** Task **
Could you copy out every line of the data where the word "extrude" occurs?

** Source material **
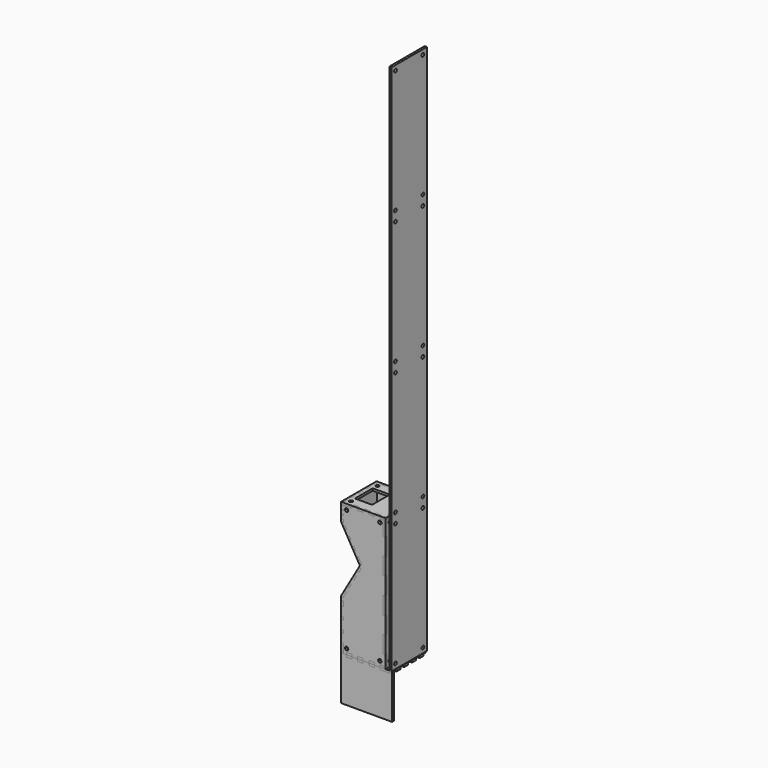
from build123d import *

# Parameters (mm, degrees)
F5_W      = 6
F5_H      = 4
F5_W_2    = 10
F5_W_3    = 4
F5_H_2    = 4.9052353799
F5_H_3    = 8.75
F5_R      = 3
F5_W_4    = 31
F5_H_4    = 40
F5_H_5    = 5.8447646201
F25_DEPTH = 4
F7_R      = 3
F7_W      = 4
F7_H      = 30
F7_H_2    = 31.25
F7_H_3    = 22.5
F26_DEPTH = 4
F3_R      = 3
F27_DEPTH = 4
F9_W      = 6
F9_H      = 4
F9_W_2    = 10
F9_R      = 3
F9_W_3    = 4
F9_H_2    = 14.5947646201
F9_H_3    = 8.75
F9_H_4    = 4.9052353799
F28_DEPTH = 4
F11_R     = 3
F29_DEPTH = 4
F30_DEPTH = 4
F31_DEPTH = 4
F32_DEPTH = 4
F33_DEPTH = 4
F34_DEPTH = 4
F35_DEPTH = 4
F36_DEPTH = 4
F37_DEPTH = 4
F38_DEPTH = 4
F19_R     = 25
F39_DEPTH = 4
F40_DEPTH = 4
F22_W     = 80
F22_H     = 240
F22_R     = 3
F41_DEPTH = 4
F24_R     = 3
F24_W     = 31
F24_H     = 40
F42_DEPTH = 4
F43_DEPTH = 4
F23_W     = 6
F23_H     = 4
F23_W_2   = 4
F23_H_2   = 8.75
F23_W_3   = 10
F23_H_3   = 4.9052353799
F44_DEPTH = 4
F23_H_4   = 5.8447646201
F45_DEPTH = 4


# Not quite as in the source:
# - a feature names something its author has since deleted; it is built from what else it names


with BuildPart() as f25:
    # F5 (on line) → F25 (new body)
    with BuildSketch(Plane.XY.offset(240)):
        with Locations((-73, 78)):
            Rectangle(F5_W, F5_H)
        with Locations((-55, 78)):
            Rectangle(F5_W_2, F5_H)
        with Locations((-35, 78)):
            Rectangle(F5_W_2, F5_H)
        with Locations((-15, 78)):
            Rectangle(F5_W_2, F5_H)
        with Locations((-2, 78)):
            Rectangle(F5_W_3, F5_H)
        with Locations((-2, 73.54738231)):
            Rectangle(F5_W_3, F5_H_2)
        with Locations((-2, 57.9697646201)):
            Rectangle(F5_W_3, F5_H_3)
        with Locations((-2, 40.4697646201)):
            Rectangle(F5_W_3, F5_H_3)
        with Locations((-2, 22.9697646201)):
            Rectangle(F5_W_3, F5_H_3)
        with Locations((-25, 2)):
            Rectangle(F5_W_2, F5_H)
        with Locations((-45, 2)):
            Rectangle(F5_W_2, F5_H)
        with Locations((-65, 2)):
            Rectangle(F5_W_2, F5_H)
        with Locations((-78, 66.7197646201)):
            Rectangle(F5_W_3, F5_H_3)
        with Locations((-78, 49.2197646201)):
            Rectangle(F5_W_3, F5_H_3)
        with Locations((-78, 31.7197646201)):
            Rectangle(F5_W_3, F5_H_3)
        with Locations((-78, 14.2197646201)):
            Rectangle(F5_W_3, F5_H_3)
        Polygon((-76, 9.8447646201), (-76, 4), (-70, 4), (-60, 4), (-50, 4), (-40, 4), (-30, 4), (-20, 4), (-10, 4), (-4, 4), (-4, 9.8447646201), (-4, 18.5947646201), (-4, 27.3447646201), (-4, 36.0947646201), (-4, 44.8447646201), (-4, 53.5947646201), (-4, 62.3447646201), (-4, 71.0947646201), (-4, 76), (-10, 76), (-20, 76), (-30, 76), (-40, 76), (-50, 76), (-60, 76), (-70, 76), (-76, 76), (-76, 71.0947646201), (-76, 62.3447646201), (-76, 53.5947646201), (-76, 44.8447646201), (-76, 36.0947646201), (-76, 27.3447646201), (-76, 18.5947646201), align=None)
        with Locations((-70, 10)):
            Circle(F5_R, mode=Mode.SUBTRACT)
        with Locations((-55.5, 40)):
            Rectangle(F5_W_4, F5_H_4, mode=Mode.SUBTRACT)
        with Locations((-70, 70)):
            Circle(F5_R, mode=Mode.SUBTRACT)
        with Locations((-10, 40)):
            Circle(F5_R, mode=Mode.SUBTRACT)
        with Locations((-2, 6.92238231)):
            Rectangle(F5_W_3, F5_H_5)
        with Locations((-7, 2)):
            Rectangle(F5_W, F5_H)
        with Locations((-78, 2)):
            Rectangle(F5_W_3, F5_H)
        with Locations((-73, 2)):
            Rectangle(F5_W, F5_H)
    extrude(amount=-F25_DEPTH)


with BuildPart() as f26:
    # F7 (on line) → F26 (new body)
    with BuildSketch(Plane.YZ):
        Polygon((4, 22.5), (4, 0), (76, 0), (76, 22.5), (76, 53.75), (76, 85), (76, 116.25), (76, 147.5), (76, 178.75), (76, 210), (76, 240), (4, 240), (4, 210), (4, 178.75), (4, 147.5), (4, 116.25), (4, 85), (4, 53.75), align=None)
        with Locations((10, 10)):
            Circle(F7_R, mode=Mode.SUBTRACT)
        with Locations((70, 10)):
            Circle(F7_R, mode=Mode.SUBTRACT)
        with Locations((10, 230)):
            Circle(F7_R, mode=Mode.SUBTRACT)
        with Locations((70, 230)):
            Circle(F7_R, mode=Mode.SUBTRACT)
        with Locations((2, 225)):
            Rectangle(F7_W, F7_H)
        with Locations((2, 163.125)):
            Rectangle(F7_W, F7_H_2)
        with Locations((2, 100.625)):
            Rectangle(F7_W, F7_H_2)
        with Locations((2, 38.125)):
            Rectangle(F7_W, F7_H_2)
        with Locations((78, 11.25)):
            Rectangle(F7_W, F7_H_3)
        with Locations((78, 69.375)):
            Rectangle(F7_W, F7_H_2)
        with Locations((78, 131.875)):
            Rectangle(F7_W, F7_H_2)
        with Locations((78, 194.375)):
            Rectangle(F7_W, F7_H_2)
    extrude(amount=-F26_DEPTH)


with BuildPart() as f27:
    # F3 (on Front) → F27 (new body)
    with BuildSketch(Plane.XZ):
        Polygon((0, 240), (-80, 240), (-80, 208.334591186), (-46, 149.4448637287), (-80, 90.5551362713), (-80, 0), (0, 0), align=None)
        with Locations((-70, 10)):
            Circle(F3_R, mode=Mode.SUBTRACT)
        with Locations((-10, 10)):
            Circle(F3_R, mode=Mode.SUBTRACT)
        with Locations((-70, 230)):
            Circle(F3_R, mode=Mode.SUBTRACT)
        with Locations((-10, 230)):
            Circle(F3_R, mode=Mode.SUBTRACT)
    extrude(amount=-F27_DEPTH)


with BuildPart() as f28:
    # F9 (on line) → F28 (new body)
    with BuildSketch(Plane.XY):
        with Locations((-7, 2)):
            Rectangle(F9_W, F9_H)
        with Locations((-25, 2)):
            Rectangle(F9_W_2, F9_H)
        with Locations((-45, 2)):
            Rectangle(F9_W_2, F9_H)
        with Locations((-65, 2)):
            Rectangle(F9_W_2, F9_H)
        Polygon((-76, 18.5947646201), (-76, 4), (-70, 4), (-60, 4), (-50, 4), (-40, 4), (-30, 4), (-20, 4), (-10, 4), (-4, 4), (-4, 18.5947646201), (-4, 27.3447646201), (-4, 36.0947646201), (-4, 44.8447646201), (-4, 53.5947646201), (-4, 62.3447646201), (-4, 71.0947646201), (-4, 76), (-10, 76), (-20, 76), (-30, 76), (-40, 76), (-50, 76), (-60, 76), (-70, 76), (-76, 76), (-76, 71.0947646201), (-76, 62.3447646201), (-76, 53.5947646201), (-76, 44.8447646201), (-76, 36.0947646201), (-76, 27.3447646201), align=None)
        with Locations((-70, 10)):
            Circle(F9_R, mode=Mode.SUBTRACT)
        with BuildLine():
            ThreePointArc((-65, 32), (-68, 29), (-71, 32))
            ThreePointArc((-71, 32), (-68, 35), (-65, 32))
        make_face(mode=Mode.SUBTRACT)
        with Locations((-60, 36)):
            Circle(F9_R, mode=Mode.SUBTRACT)
        with BuildLine():
            ThreePointArc((-65, 40), (-68, 37), (-71, 40))
            ThreePointArc((-71, 40), (-68, 43), (-65, 40))
        make_face(mode=Mode.SUBTRACT)
        with BuildLine():
            ThreePointArc((-65, 48), (-68, 45), (-71, 48))
            ThreePointArc((-71, 48), (-68, 51), (-65, 48))
        make_face(mode=Mode.SUBTRACT)
        with Locations((-60, 44)):
            Circle(F9_R, mode=Mode.SUBTRACT)
        with Locations((-52, 40)):
            Circle(F9_R, mode=Mode.SUBTRACT)
        with Locations((-70, 70)):
            Circle(F9_R, mode=Mode.SUBTRACT)
        with BuildLine():
            ThreePointArc((-9, 42.8284271247), (-7.5505102572, 41.7320508076), (-7, 40))
            ThreePointArc((-7, 40), (-12.4494897428, 38.2679491924), (-9, 42.8284271247))
        make_face(mode=Mode.SUBTRACT)
        with Locations((-78, 11.29738231)):
            Rectangle(F9_W_3, F9_H_2)
        with Locations((-78, 31.7197646201)):
            Rectangle(F9_W_3, F9_H_3)
        with Locations((-2, 22.9697646201)):
            Rectangle(F9_W_3, F9_H_3)
        with Locations((-2, 40.4697646201)):
            Rectangle(F9_W_3, F9_H_3)
        with Locations((-2, 57.9697646201)):
            Rectangle(F9_W_3, F9_H_3)
        with Locations((-2, 73.54738231)):
            Rectangle(F9_W_3, F9_H_4)
        with Locations((-2, 78)):
            Rectangle(F9_W_3, F9_H)
        with Locations((-15, 78)):
            Rectangle(F9_W_2, F9_H)
        with Locations((-35, 78)):
            Rectangle(F9_W_2, F9_H)
        with Locations((-55, 78)):
            Rectangle(F9_W_2, F9_H)
        with Locations((-73, 78)):
            Rectangle(F9_W, F9_H)
        with Locations((-78, 66.7197646201)):
            Rectangle(F9_W_3, F9_H_3)
        with Locations((-78, 49.2197646201)):
            Rectangle(F9_W_3, F9_H_3)
        with Locations((-78, 2)):
            Rectangle(F9_W_3, F9_H)
    extrude(amount=F28_DEPTH)


with BuildPart() as f29:
    # F11 (on line) → F29 (new body)
    with BuildSketch(Plane(origin=(0, 80, 0), x_dir=(-1, 0, 0), z_dir=(0, 1, 0))):
        Polygon((46, 149.4448637287), (80, 208.334591186), (80, 240), (0, 240), (0, 0), (80, 0), (80, 90.5551362713), align=None)
        with Locations((10, 10)):
            Circle(F11_R, mode=Mode.SUBTRACT)
        with Locations((70, 10)):
            Circle(F11_R, mode=Mode.SUBTRACT)
        with Locations((10, 230)):
            Circle(F11_R, mode=Mode.SUBTRACT)
        with Locations((70, 230)):
            Circle(F11_R, mode=Mode.SUBTRACT)
    extrude(amount=-F29_DEPTH)


with BuildPart() as f30:
    # F13 (on line) → F30 (new body)
    with BuildSketch(Plane.YZ.offset(-80)):
        Polygon((0, 213.0509433895), (0, 208.334591186), (80, 208.334591186), (80, 213.0509433895), (76, 213.0509433895), (76, 216.2509433895), (76, 219.4509433895), (80, 219.4509433895), (80, 220.967295593), (76, 220.967295593), (76, 224.167295593), (76, 227.367295593), (80, 227.367295593), (80, 228.8836477965), (76, 228.8836477965), (76, 232.0836477965), (76, 235.2836477965), (80, 235.2836477965), (80, 240), (0, 240), (0, 235.2836477965), (4, 235.2836477965), (4, 232.0836477965), (4, 228.8836477965), (0, 228.8836477965), (0, 227.367295593), (4, 227.367295593), (4, 224.167295593), (4, 220.967295593), (0, 220.967295593), (0, 219.4509433895), (4, 219.4509433895), (4, 216.2509433895), (4, 213.0509433895), align=None)
    extrude(amount=F30_DEPTH)


with BuildPart() as f31:
    # F15 (on line) → F31 (new body)
    with BuildSketch(Plane.YZ.offset(-80)):
        Polygon((76.0003124634, 53.2275720415), (80, 53.2775681357), (80, 58.4163522035), (76.0003124634, 58.4163522035), (76.0003124634, 66.4163522035), (76.0003124634, 74.4163522035), (80, 74.4163522035), (80, 83.5551362713), (76.0003124634, 83.5551362713), (76.0003124634, 88.5551362713), (3.9996875366, 88.5551362713), (3.9996875366, 83.5551362713), (0, 83.5551362713), (0, 74.4163522035), (3.9996875366, 74.4163522035), (3.9996875366, 66.4163522035), (3.9996875366, 58.4163522035), (0, 58.4163522035), (0, 53.2775681357), (3.9996875366, 53.2275720415), (3.9996875366, 45.2275720415), (3.7997187817, 37.2300716509), (0, 37.2775681357), (0, 32.1346775562), (3.6700195432, 32.0429127293), (3.4700507883, 24.0454123388), (3.2700820334, 16.0479119482), (0, 16.1296767748), (0, 0), (80, 0), (80, 16.1296767748), (76.7299179666, 16.0479119482), (76.5299492117, 24.0454123388), (76.3299804568, 32.0429127293), (80, 32.1346775562), (80, 37.2775681357), (76.2002812183, 37.2300716509), (76.0003124634, 45.2275720415), align=None)
    extrude(amount=F31_DEPTH)


with BuildPart() as f32_tool:
    # F5 (on line) → F32 (new body)
    with BuildSketch(Plane.XY.offset(240)):
        with Locations((-2, 22.9697646201)):
            Rectangle(F5_W_3, F5_H_3)
        with Locations((-2, 40.4697646201)):
            Rectangle(F5_W_3, F5_H_3)
        with Locations((-2, 57.9697646201)):
            Rectangle(F5_W_3, F5_H_3)
        with Locations((-2, 73.54738231)):
            Rectangle(F5_W_3, F5_H_2)
        with Locations((-2, 78)):
            Rectangle(F5_W_3, F5_H)
        with Locations((-15, 78)):
            Rectangle(F5_W_2, F5_H)
        with Locations((-35, 78)):
            Rectangle(F5_W_2, F5_H)
        with Locations((-55, 78)):
            Rectangle(F5_W_2, F5_H)
        with Locations((-73, 78)):
            Rectangle(F5_W, F5_H)
        with Locations((-78, 66.7197646201)):
            Rectangle(F5_W_3, F5_H_3)
        with Locations((-78, 49.2197646201)):
            Rectangle(F5_W_3, F5_H_3)
        with Locations((-78, 31.7197646201)):
            Rectangle(F5_W_3, F5_H_3)
        with Locations((-78, 14.2197646201)):
            Rectangle(F5_W_3, F5_H_3)
        with Locations((-78, 2)):
            Rectangle(F5_W_3, F5_H)
        with Locations((-65, 2)):
            Rectangle(F5_W_2, F5_H)
        with Locations((-45, 2)):
            Rectangle(F5_W_2, F5_H)
        with Locations((-25, 2)):
            Rectangle(F5_W_2, F5_H)
        with Locations((-7, 2)):
            Rectangle(F5_W, F5_H)
        with Locations((-73, 2)):
            Rectangle(F5_W, F5_H)
        with Locations((-2, 6.92238231)):
            Rectangle(F5_W_3, F5_H_5)
    extrude(amount=-F32_DEPTH)


with BuildPart() as f26_1:
    add(f26.part)

    # F32: cut by f32_tool
    add(f32_tool.part, mode=Mode.SUBTRACT)


with BuildPart() as f27_1:
    add(f27.part)

    # F32: cut by f32_tool
    add(f32_tool.part, mode=Mode.SUBTRACT)


with BuildPart() as f29_1:
    add(f29.part)

    # F32: cut by f32_tool
    add(f32_tool.part, mode=Mode.SUBTRACT)


with BuildPart() as f30_1:
    add(f30.part)

    # F32: cut by f32_tool
    add(f32_tool.part, mode=Mode.SUBTRACT)


with BuildPart() as f33_tool:
    # F7 (on line) → F33 (new body)
    with BuildSketch(Plane.YZ):
        with Locations((2, 225)):
            Rectangle(F7_W, F7_H)
        with Locations((78, 194.375)):
            Rectangle(F7_W, F7_H_2)
        with Locations((2, 163.125)):
            Rectangle(F7_W, F7_H_2)
        with Locations((78, 131.875)):
            Rectangle(F7_W, F7_H_2)
        with Locations((2, 100.625)):
            Rectangle(F7_W, F7_H_2)
        with Locations((78, 69.375)):
            Rectangle(F7_W, F7_H_2)
        with Locations((2, 38.125)):
            Rectangle(F7_W, F7_H_2)
        with Locations((78, 11.25)):
            Rectangle(F7_W, F7_H_3)
    extrude(amount=-F33_DEPTH)


with BuildPart() as f27_2:
    add(f27_1.part)

    # F33: cut by f33_tool
    add(f33_tool.part, mode=Mode.SUBTRACT)


with BuildPart() as f29_2:
    add(f29_1.part)

    # F33: cut by f33_tool
    add(f33_tool.part, mode=Mode.SUBTRACT)


with BuildPart() as f34_tool:
    # F13 (on line) → F34 (new body)
    with BuildSketch(Plane.YZ.offset(-80)):
        Polygon((0, 213.0509433895), (0, 208.334591186), (80, 208.334591186), (80, 213.0509433895), (76, 213.0509433895), (76, 216.2509433895), (76, 219.4509433895), (80, 219.4509433895), (80, 220.967295593), (76, 220.967295593), (76, 224.167295593), (76, 227.367295593), (80, 227.367295593), (80, 228.8836477965), (76, 228.8836477965), (76, 232.0836477965), (76, 235.2836477965), (80, 235.2836477965), (80, 240), (0, 240), (0, 235.2836477965), (4, 235.2836477965), (4, 232.0836477965), (4, 228.8836477965), (0, 228.8836477965), (0, 227.367295593), (4, 227.367295593), (4, 224.167295593), (4, 220.967295593), (0, 220.967295593), (0, 219.4509433895), (4, 219.4509433895), (4, 216.2509433895), (4, 213.0509433895), align=None)
    extrude(amount=F34_DEPTH)


with BuildPart() as f27_3:
    add(f27_2.part)

    # F34: cut by f34_tool
    add(f34_tool.part, mode=Mode.SUBTRACT)


with BuildPart() as f29_3:
    add(f29_2.part)

    # F34: cut by f34_tool
    add(f34_tool.part, mode=Mode.SUBTRACT)


with BuildPart() as f35_tool:
    # F15 (on line) → F35 (new body)
    with BuildSketch(Plane.YZ.offset(-80)):
        Polygon((76.0003124634, 53.2275720415), (80, 53.2775681357), (80, 58.4163522035), (76.0003124634, 58.4163522035), (76.0003124634, 66.4163522035), (76.0003124634, 74.4163522035), (80, 74.4163522035), (80, 83.5551362713), (76.0003124634, 83.5551362713), (76.0003124634, 88.5551362713), (3.9996875366, 88.5551362713), (3.9996875366, 83.5551362713), (0, 83.5551362713), (0, 74.4163522035), (3.9996875366, 74.4163522035), (3.9996875366, 66.4163522035), (3.9996875366, 58.4163522035), (0, 58.4163522035), (0, 53.2775681357), (3.9996875366, 53.2275720415), (3.9996875366, 45.2275720415), (3.7997187817, 37.2300716509), (0, 37.2775681357), (0, 32.1346775562), (3.6700195432, 32.0429127293), (3.4700507883, 24.0454123388), (3.2700820334, 16.0479119482), (0, 16.1296767748), (0, 0), (80, 0), (80, 16.1296767748), (76.7299179666, 16.0479119482), (76.5299492117, 24.0454123388), (76.3299804568, 32.0429127293), (80, 32.1346775562), (80, 37.2775681357), (76.2002812183, 37.2300716509), (76.0003124634, 45.2275720415), align=None)
    extrude(amount=F35_DEPTH)


with BuildPart() as f27_4:
    add(f27_3.part)

    # F35: cut by f35_tool
    add(f35_tool.part, mode=Mode.SUBTRACT)


with BuildPart() as f29_4:
    add(f29_3.part)

    # F35: cut by f35_tool
    add(f35_tool.part, mode=Mode.SUBTRACT)


with BuildPart() as f36_tool:
    # F9 (on line) → F36 (new body)
    with BuildSketch(Plane.XY):
        with Locations((-73, 78)):
            Rectangle(F9_W, F9_H)
        with Locations((-78, 66.7197646201)):
            Rectangle(F9_W_3, F9_H_3)
        with Locations((-55, 78)):
            Rectangle(F9_W_2, F9_H)
        with Locations((-35, 78)):
            Rectangle(F9_W_2, F9_H)
        with Locations((-15, 78)):
            Rectangle(F9_W_2, F9_H)
        with Locations((-2, 78)):
            Rectangle(F9_W_3, F9_H)
        with Locations((-2, 73.54738231)):
            Rectangle(F9_W_3, F9_H_4)
        with Locations((-2, 57.9697646201)):
            Rectangle(F9_W_3, F9_H_3)
        with Locations((-2, 40.4697646201)):
            Rectangle(F9_W_3, F9_H_3)
        with Locations((-2, 22.9697646201)):
            Rectangle(F9_W_3, F9_H_3)
        with Locations((-7, 2)):
            Rectangle(F9_W, F9_H)
        with Locations((-25, 2)):
            Rectangle(F9_W_2, F9_H)
        with Locations((-45, 2)):
            Rectangle(F9_W_2, F9_H)
        with Locations((-65, 2)):
            Rectangle(F9_W_2, F9_H)
        with Locations((-78, 2)):
            Rectangle(F9_W_3, F9_H)
        with Locations((-78, 11.29738231)):
            Rectangle(F9_W_3, F9_H_2)
        with Locations((-78, 31.7197646201)):
            Rectangle(F9_W_3, F9_H_3)
        with Locations((-78, 49.2197646201)):
            Rectangle(F9_W_3, F9_H_3)
    extrude(amount=F36_DEPTH)


with BuildPart() as f26_2:
    add(f26_1.part)

    # F36: cut by f36_tool
    add(f36_tool.part, mode=Mode.SUBTRACT)


with BuildPart() as f27_5:
    add(f27_4.part)

    # F36: cut by f36_tool
    add(f36_tool.part, mode=Mode.SUBTRACT)


with BuildPart() as f29_5:
    add(f29_4.part)

    # F36: cut by f36_tool
    add(f36_tool.part, mode=Mode.SUBTRACT)


with BuildPart() as f31_1:
    add(f31.part)

    # F36: cut by f36_tool
    add(f36_tool.part, mode=Mode.SUBTRACT)


with BuildPart() as f37:
    # F17 (on line) → F37 (new body)
    with BuildSketch(Plane(origin=(30.2115242271, 0, 17.4426316451), x_dir=(0, 1, 0), z_dir=(0.8660254038, 0, 0.5))):
        Polygon((0, 165.4230484541), (0, 153.5777489925), (80, 153.5777489925), (80, 165.4230484541), (76, 165.4230484541), (76, 170.4230484541), (76, 175.4230484541), (80, 175.4230484541), (80, 181.4230484541), (76, 181.4230484541), (76, 186.4230484541), (76, 191.4230484541), (80, 191.4230484541), (80, 197.4230484541), (76, 197.4230484541), (76, 202.4230484541), (76, 207.4230484541), (80, 207.4230484541), (80, 213.4230484541), (76, 213.4230484541), (76, 218.4230484541), (4, 218.4230484541), (4, 213.4230484541), (0, 213.4230484541), (0, 207.4230484541), (4, 207.4230484541), (4, 202.4230484541), (4, 197.4230484541), (0, 197.4230484541), (0, 191.4230484541), (4, 191.4230484541), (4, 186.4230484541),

** Reply to the task **
    extrude(amount=-F25_DEPTH)
    extrude(amount=-F26_DEPTH)
    extrude(amount=-F27_DEPTH)
    extrude(amount=F28_DEPTH)
    extrude(amount=-F29_DEPTH)
    extrude(amount=F30_DEPTH)
    extrude(amount=F31_DEPTH)
    extrude(amount=-F32_DEPTH)
    extrude(amount=-F33_DEPTH)
    extrude(amount=F34_DEPTH)
    extrude(amount=F35_DEPTH)
    extrude(amount=F36_DEPTH)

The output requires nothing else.